I’ve said horribly rude things to people in that line with filled buggies. Of course I was just walking by on my way to the self checkouts.

I’ve fudged the express limit by a few items. Especially when there are multiple items. Like 4 cans of soup. Because the cashier only scans once and enters 4.

I agree people way over the limit should be sent to the regular checkout…

I can’t recall a cashier saying anything to a customer. But I’m sure someone with a full cart would be asked to change lanes.

Yep.

Working in a store I have at times even been the Enforcer.

As you noted, if the regular lines are full and the “or less” items aren’t being used we’ll re-route some traffic over to them to help move customers through the check out process, but that’s an exception to the usual rules.

Another exception is being using “shop and scan” or using purchasing apps where they might have a full cart but only need to scan a code on their smartphone to finish the transaction, so it looks like they have a massive amount to ring up but they don’t and can quickly move through the transaction area.

Well… it’s not worth quibbling if someone it just one or two over the limit. But egregious violators will be confronted. We might boot that up the management ladder for more authority, though. Depends on the circumstances.

Ha-ha-ha - you so funny.
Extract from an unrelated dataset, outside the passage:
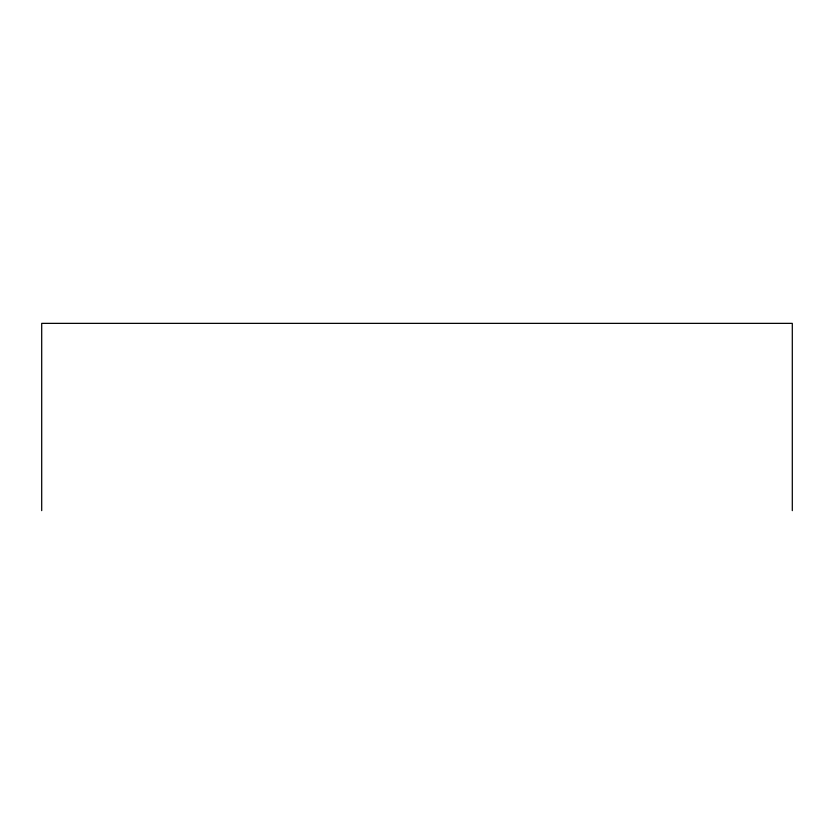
<?xml version="1.0" encoding="UTF-8"?>
<svg xmlns="http://www.w3.org/2000/svg" width="834" height="834" viewBox="0 0 834 834"><rect width="100%" height="100%" fill="white"/><g stroke="black" fill="none" stroke-linecap="round" stroke-linejoin="round"><path stroke-width="1.25" d="M792.3 510.637L792.3 323.363L41.7 323.363L41.7 510.637"/></g></svg>
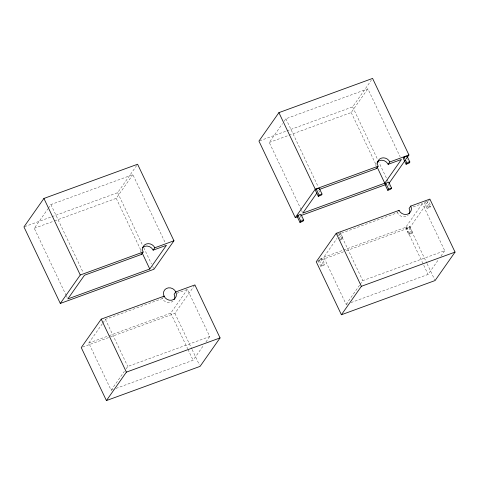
<?xml version="1.0" encoding="UTF-8"?>
<svg xmlns="http://www.w3.org/2000/svg" width="479" height="479" viewBox="0 0 479 479"><rect width="100%" height="100%" fill="white"/><g stroke="black" fill="none" stroke-linecap="round" stroke-linejoin="round"><path stroke-width="0.36" stroke-dasharray="2.4 1.8" d="M66.222 295.579L34.266 228.285L47.918 208.832M48.343 208.227L50.906 204.581L132.869 174.643L165.147 242.613M51.912 216.694L117.624 192.69L136.743 165.453M54.582 220.867L116.229 198.348L132.869 174.643M113.242 389.415L111.14 390.181L88.771 343.072L102.422 323.624M102.853 323.014L105.41 319.367L162.405 298.555A6.7 6.041 35.1 0 0 173.009 301.105M301.207 209.754L269.252 142.461L282.478 123.618M284.185 121.187L285.891 118.756L367.86 88.819L400.133 156.789M162.405 298.555L163.129 297.519M111.14 390.181L124.366 371.339M126.073 368.908L127.779 366.477L209.748 336.539L187.379 289.43L176.907 293.256M109.086 335.653L170.74 313.14L187.379 289.43M82.651 347.071L174.931 313.368L194.899 284.921M286.903 130.869L352.616 106.871L371.309 80.238M269.252 142.461L351.221 112.523L367.86 88.819M116.044 388.391L193.109 360.244L203.773 345.048M205.904 342.012L209.748 336.539M321.05 259.564L321.882 258.379L324.678 264.264L323.846 265.45L320.918 266.522L318.122 260.63L321.05 259.564L323.846 265.45M347.532 303.848L346.131 304.357L323.762 257.253L336.988 238.41M338.695 235.979L340.401 233.542L397.39 212.73A6.7 6.041 35.1 0 0 408.419 214.843M320.918 266.522L321.75 265.336L324.678 264.264M339.809 240.23L342.15 239.374L342.982 238.189L340.186 232.303M405.958 159.208L406.809 157.998M397.39 212.73L397.911 211.987M346.131 304.357L359.783 284.909M360.208 284.298L362.771 280.652L444.734 250.715L422.364 203.611L412.593 207.179M323.762 257.253L405.725 227.315L422.364 203.611M405.941 228.561L406.773 227.375L409.701 226.304L412.497 232.195L411.665 233.375L408.737 234.447L405.941 228.561L408.868 227.489L409.701 226.304M346.299 250.78L409.916 227.549L429.885 199.102M408.737 234.447L409.569 233.261L412.497 232.195M427.04 208.371L429.968 207.299L427.172 201.414L424.244 202.479L427.04 208.371L427.873 207.185L430.801 206.114L428.004 200.228M429.968 207.299L430.801 206.114M351.035 302.566L428.094 274.419L438.764 259.229M440.896 256.187L444.734 250.715M24.651 226.651L51.211 216.945M259.636 140.826L286.202 131.126M34.266 228.285L53.882 221.118M338.18 233.914L339.354 233.489L342.15 239.374M340.054 239.261L342.982 238.189M88.771 343.072L108.386 335.911M321.882 258.379L318.954 259.45L321.75 265.336M317.637 261.247L343.503 251.804M406.222 157.286L408.395 161.86M425.077 201.294L427.873 207.185M352.616 106.871L377.805 159.914M378.123 160.585L386.733 178.715M387.05 179.391L388.008 181.403M409.916 227.549L426.801 263.103M427.118 263.773L434.764 279.874M388.224 184.014L389.78 187.283M408.868 227.489L411.665 233.375M406.773 227.375L409.569 233.261M351.221 112.523L376.464 165.686M405.725 227.315L428.094 274.419M285.891 118.756L318.17 186.726M340.401 233.542L362.771 280.652M318.709 190.013L320.265 193.282M337.258 233.369L339.743 238.608M301.531 210.431L302.488 212.448M300.094 215.436L302.267 220.011M117.624 192.69L142.497 245.068M143.772 247.751L151.424 263.869M152.699 266.558L153.657 268.569M174.931 313.368L191.81 348.922M192.127 349.598L199.456 365.022M116.229 198.348L141.473 251.511M170.74 313.14L187.672 348.808M187.996 349.478L193.109 360.244M50.906 204.581L83.178 272.545M105.41 319.367L127.779 366.477M66.539 296.25L67.18 297.597M140.832 252.104A6.7 6.041 35.1 0 1 141.185 249.637M375.805 165.656A6.7 6.041 35.1 0 1 376.745 162.704"/><path stroke-width="0.72" d="M43.918 198.456L23.95 226.902L60.3 303.452L153.975 269.24L173.943 240.793L137.593 164.243L43.918 198.456L80.268 275.006L60.3 303.452M142.55 247.595A6.7 6.041 35.1 0 1 153.154 250.146L166.423 245.302L149.783 269.006L67.814 298.944L84.46 275.239L141.449 254.427L143.113 252.056A6.7 6.041 35.1 0 1 146.173 244.027A6.7 6.041 35.1 0 1 154.819 247.775L173.943 240.793M163.65 296.776L164.063 296.184L101.219 319.134L81.25 347.58L106.416 400.576L200.09 366.363L220.059 337.917L194.899 284.921L175.775 291.909L174.111 294.28A6.7 6.041 35.1 0 1 174.117 299.638M153.154 250.146L154.819 247.775M407.234 157.393L408.934 154.968L372.584 78.424L278.91 112.637L258.941 141.083L295.286 217.628L297.387 216.861M106.416 400.576L126.384 372.129L220.059 337.917M295.286 217.628L315.254 189.181L378.099 166.231A6.7 6.041 35.1 0 1 381.158 158.202A6.7 6.041 35.1 0 1 389.81 161.956L408.934 154.968M297.998 215.316L297.166 216.502L299.962 222.394L302.89 221.322L303.722 220.136L300.926 214.251L297.998 215.316L300.794 221.208L299.962 222.394M316.302 189.241L315.469 190.426L318.266 196.312L321.193 195.246L322.026 194.061L319.23 188.169L316.302 189.241L319.098 195.127L318.266 196.312M316.888 193.061L302.806 213.119L384.775 183.188L401.414 159.477L388.146 164.327A6.7 6.041 35.1 0 0 377.117 162.213M319.445 189.415L376.434 168.602L378.099 166.231M410.766 206.084A6.7 6.041 35.1 0 1 407.707 214.113A6.7 6.041 35.1 0 1 399.055 210.359L336.21 233.315L316.242 261.762L341.407 314.757L435.082 280.544L455.05 252.098L429.885 199.102L410.766 206.084L409.102 208.455A6.7 6.041 35.1 0 1 409.108 213.814M388.146 164.327L389.81 161.956M385.823 183.241L384.99 184.427L387.786 190.319L390.714 189.247L391.547 188.061L388.75 182.176L385.823 183.241L388.619 189.133L387.786 190.319M404.126 157.166L403.294 158.351L406.09 164.243L409.018 163.171L409.85 161.986L407.054 156.1L404.126 157.166L406.922 163.058L406.09 164.243M388.966 183.415L405.108 160.417M398.642 210.952L399.055 210.359M341.407 314.757L361.376 286.31L455.05 252.098M80.268 275.006L143.113 252.056M319.098 195.127L322.026 194.061M406.922 163.058L409.85 161.986M300.878 215.586L385.469 184.696M300.794 221.208L303.722 220.136M388.619 189.133L391.547 188.061M377.105 167.033L384.775 183.188M278.91 112.637L315.254 189.181M336.21 233.315L361.376 286.31M142.113 252.858L149.783 269.006M101.219 319.134L126.384 372.129M141.449 254.427A6.7 6.041 35.1 0 1 141.221 253.888M376.434 168.602A6.7 6.041 35.1 0 1 376.207 168.063M164.004 296.04A6.7 6.041 35.1 0 0 175.182 298.189A6.7 6.041 35.1 0 0 170.578 287.903A6.7 6.041 35.1 0 0 164.004 296.04"/></g></svg>

It’s not constant but I would describe it as “rare”. Then again, I spend a lot more time in a store, and a lot more time by the registers, than most people.

Nitpick (seemingly needed in all such threads) - “fewer” please.

Never seen anyone moved, nor have I said anything. I always imagine if someone is rude enough to violate the posted rule, I don’t want to have they direct their rudeness towards me. I’d rather waste the couple of minutes it takes, than to experience that unpleasantness.

A Happy Story

I had 4 items. I was thinking out loud and noticed the woman in front of me seemed to be way over the limit. I said, without meaning, “How many items does she have?”. She heard me. She got mad. She turned around and growled “Yeah, how many have you got?”. I smiled and said “I think I have four. Let me count- one and one and one and one is four, right? Let me be sure. Two plus two is four right? And four is less than 10, right?”

You could see her fuming as she shut her mouth and turned back around. It was one of the happiest moments of my life.